So I am not saying that everyone will have the same results, and I am not saying the big wheel is without flaws. I am trying to be as even-handed as possible with my comments and document my experience for those who might be interested. I hope that comes across. But I also love this bike, and it's hard to disguise that! Let me also say that by saying this is not my first 29er. I have had a 29er hardtail for the last few years, but I only used it for smooth XC rides. So I am used to the feel of the big wheel, but this is the first time I have entirely replaced my 26" AM bike with a 29er. It was a bit of a scary move, but I don't regret it at all.

JMH


----------



## LeeL (Jan 12, 2004)

JMH - thanks for that impression. I rode Free Lunch and backed off on that one - was on my 26 Rocky Element - 100mm each end and definitely didn't feel the love. That's a high consequence move and your ground is a lot less forgiving than ours.

Another vid

Squamish --- 68 berms 102 tabletops - Half Nelson. Go easy on Sharon - she wasn't tryingto do air and was concentrating on prejumping the lips






Not another Half Nelson from Lee Lau on Vimeo.


----------



## LeeL (Jan 12, 2004)

Not as happy with these shots as I took them later in the evening. Lots of post-processing work & too much PShop so some look kinda fake imo but I guess its good enough for a web article.

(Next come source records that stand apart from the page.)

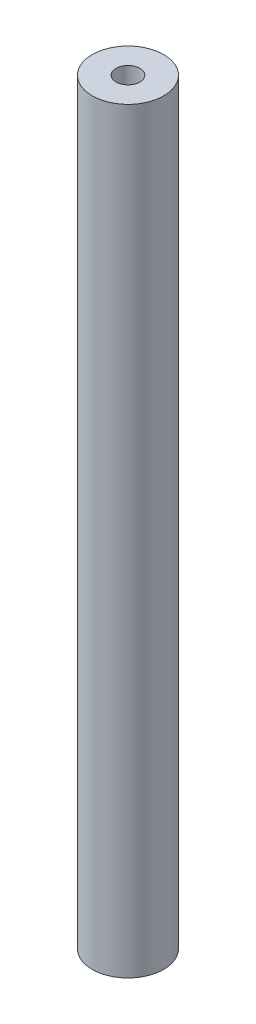
ISO-10303-21;
HEADER;
FILE_DESCRIPTION(('STEP AP214'),'2;1');
FILE_NAME('part.step','',(''),(''),'','','');
FILE_SCHEMA(('AUTOMOTIVE_DESIGN { 1 0 10303 214 1 1 1 1 }'));
ENDSEC;
DATA;
#1=APPLICATION_CONTEXT('core data for automotive mechanical design processes');
#2=APPLICATION_PROTOCOL_DEFINITION('international standard','automotive_design',2000,#1);
#3=PRODUCT_CONTEXT('',#1,'mechanical');
#4=PRODUCT('Part','Part','',(#3));
#5=PRODUCT_RELATED_PRODUCT_CATEGORY('part','',(#4));
#6=PRODUCT_DEFINITION_FORMATION('','',#4);
#7=PRODUCT_DEFINITION_CONTEXT('part definition',#1,'design');
#8=PRODUCT_DEFINITION('design','',#6,#7);
#9=PRODUCT_DEFINITION_SHAPE('','',#8);
#10=(LENGTH_UNIT() NAMED_UNIT(*) SI_UNIT(.MILLI.,.METRE.));
#11=(NAMED_UNIT(*) PLANE_ANGLE_UNIT() SI_UNIT($,.RADIAN.));
#12=(NAMED_UNIT(*) SI_UNIT($,.STERADIAN.) SOLID_ANGLE_UNIT());
#13=UNCERTAINTY_MEASURE_WITH_UNIT(LENGTH_MEASURE(1.E-05),#10,'distance_accuracy_value','');
#14=(GEOMETRIC_REPRESENTATION_CONTEXT(3) GLOBAL_UNCERTAINTY_ASSIGNED_CONTEXT((#13)) GLOBAL_UNIT_ASSIGNED_CONTEXT((#10,
#11,#12)) REPRESENTATION_CONTEXT('',''));
#15=CARTESIAN_POINT('',(0.,0.,0.));
#16=DIRECTION('',(0.,0.,1.));
#17=DIRECTION('',(1.,0.,0.));
#18=AXIS2_PLACEMENT_3D('',#15,#16,#17);
#19=CARTESIAN_POINT('',(0.,63.5,0.));
#20=DIRECTION('',(0.,1.,0.));
#21=DIRECTION('',(0.,0.,1.));
#22=AXIS2_PLACEMENT_3D('',#19,#20,#21);
#23=PLANE('',#22);
#24=CARTESIAN_POINT('',(0.,63.5,0.));
#25=DIRECTION('',(0.,1.,0.));
#26=DIRECTION('',(0.,0.,1.));
#27=AXIS2_PLACEMENT_3D('',#24,#25,#26);
#28=CIRCLE('',#27,3.);
#29=CARTESIAN_POINT('',(0.,63.5,3.));
#30=VERTEX_POINT('',#29);
#31=EDGE_CURVE('E10',#30,#30,#28,.T.);
#32=ORIENTED_EDGE('',*,*,#31,.T.);
#33=EDGE_LOOP('',(#32));
#34=FACE_BOUND('',#33,.T.);
#35=CARTESIAN_POINT('',(0.,63.5,0.));
#36=DIRECTION('',(0.,1.,0.));
#37=DIRECTION('',(0.,0.,1.));
#38=AXIS2_PLACEMENT_3D('',#35,#36,#37);
#39=CIRCLE('',#38,1.);
#40=CARTESIAN_POINT('',(0.,63.5,1.));
#41=VERTEX_POINT('',#40);
#42=EDGE_CURVE('E50',#41,#41,#39,.T.);
#43=ORIENTED_EDGE('',*,*,#42,.F.);
#44=EDGE_LOOP('',(#43));
#45=FACE_BOUND('',#44,.T.);
#46=ADVANCED_FACE('F37',(#34,#45),#23,.T.);
#47=CARTESIAN_POINT('',(0.,0.,0.));
#48=DIRECTION('',(0.,1.,0.));
#49=DIRECTION('',(0.,0.,1.));
#50=AXIS2_PLACEMENT_3D('',#47,#48,#49);
#51=PLANE('',#50);
#52=CARTESIAN_POINT('',(0.,0.,0.));
#53=DIRECTION('',(0.,1.,0.));
#54=DIRECTION('',(0.,0.,1.));
#55=AXIS2_PLACEMENT_3D('',#52,#53,#54);
#56=CIRCLE('',#55,3.);
#57=CARTESIAN_POINT('',(0.,0.,3.));
#58=VERTEX_POINT('',#57);
#59=EDGE_CURVE('E41',#58,#58,#56,.T.);
#60=ORIENTED_EDGE('',*,*,#59,.F.);
#61=EDGE_LOOP('',(#60));
#62=FACE_BOUND('',#61,.T.);
#63=CARTESIAN_POINT('',(0.,0.,0.));
#64=DIRECTION('',(0.,1.,0.));
#65=DIRECTION('',(0.,0.,1.));
#66=AXIS2_PLACEMENT_3D('',#63,#64,#65);
#67=CIRCLE('',#66,1.);
#68=CARTESIAN_POINT('',(0.,0.,1.));
#69=VERTEX_POINT('',#68);
#70=EDGE_CURVE('E52',#69,#69,#67,.T.);
#71=ORIENTED_EDGE('',*,*,#70,.T.);
#72=EDGE_LOOP('',(#71));
#73=FACE_BOUND('',#72,.T.);
#74=ADVANCED_FACE('F64',(#62,#73),#51,.F.);
#75=CARTESIAN_POINT('',(0.,63.5,0.));
#76=DIRECTION('',(0.,-1.,0.));
#77=DIRECTION('',(0.,0.,-1.));
#78=AXIS2_PLACEMENT_3D('',#75,#76,#77);
#79=CYLINDRICAL_SURFACE('',#78,3.);
#80=ORIENTED_EDGE('',*,*,#31,.F.);
#81=EDGE_LOOP('',(#80));
#82=FACE_BOUND('',#81,.T.);
#83=ORIENTED_EDGE('',*,*,#59,.T.);
#84=EDGE_LOOP('',(#83));
#85=FACE_BOUND('',#84,.T.);
#86=ADVANCED_FACE('F39',(#82,#85),#79,.T.);
#87=CARTESIAN_POINT('',(0.,63.5,0.));
#88=DIRECTION('',(0.,-1.,0.));
#89=DIRECTION('',(0.,0.,-1.));
#90=AXIS2_PLACEMENT_3D('',#87,#88,#89);
#91=CYLINDRICAL_SURFACE('',#90,1.);
#92=ORIENTED_EDGE('',*,*,#42,.T.);
#93=EDGE_LOOP('',(#92));
#94=FACE_BOUND('',#93,.T.);
#95=ORIENTED_EDGE('',*,*,#70,.F.);
#96=EDGE_LOOP('',(#95));
#97=FACE_BOUND('',#96,.T.);
#98=ADVANCED_FACE('F60',(#94,#97),#91,.F.);
#99=CLOSED_SHELL('',(#46,#74,#86,#98));
#100=MANIFOLD_SOLID_BREP('B2',#99);
#101=ADVANCED_BREP_SHAPE_REPRESENTATION('',(#18,#100),#14);
#102=SHAPE_DEFINITION_REPRESENTATION(#9,#101);
ENDSEC;
END-ISO-10303-21;

Boundary in North Vancouver - designed to showcase another test bike. The rider is my guest reviewer - Wilkes.


----------



## miklorsmith (Aug 16, 2006)

Sweet! That's an awesome trail, maybe my favorite on Fromme. That first photo is a lot tougher than it looks - the roll-out is steeeep. Rock slab rolls that steep don't bug me at all, but the possibility of dropping a front wheel off the side of the ladder adds pucker score. It's hard to capture the difficulty of all that stuff in a picture or video.

That trail is rated double black on the map I have, it's rugged. This is within the most twisted rating system too, BC's blue square runs can frighten 'experts' from other places. If a 29'er can do that stuff competently, it sure looks like a viable choice. Is that another one, or are we back to regular types again?

Thanks Lee!


----------



## Wishful Tomcat (Mar 6, 2009)

I don't think I've ever seen a bad BC picture, thanks!!


----------



## LeeL (Jan 12, 2004)

hey miklor - you'll like this one. It was a regular wheeled bike

Tyler rode the Norco LT 6.1 on Boundary while I shot photos and video.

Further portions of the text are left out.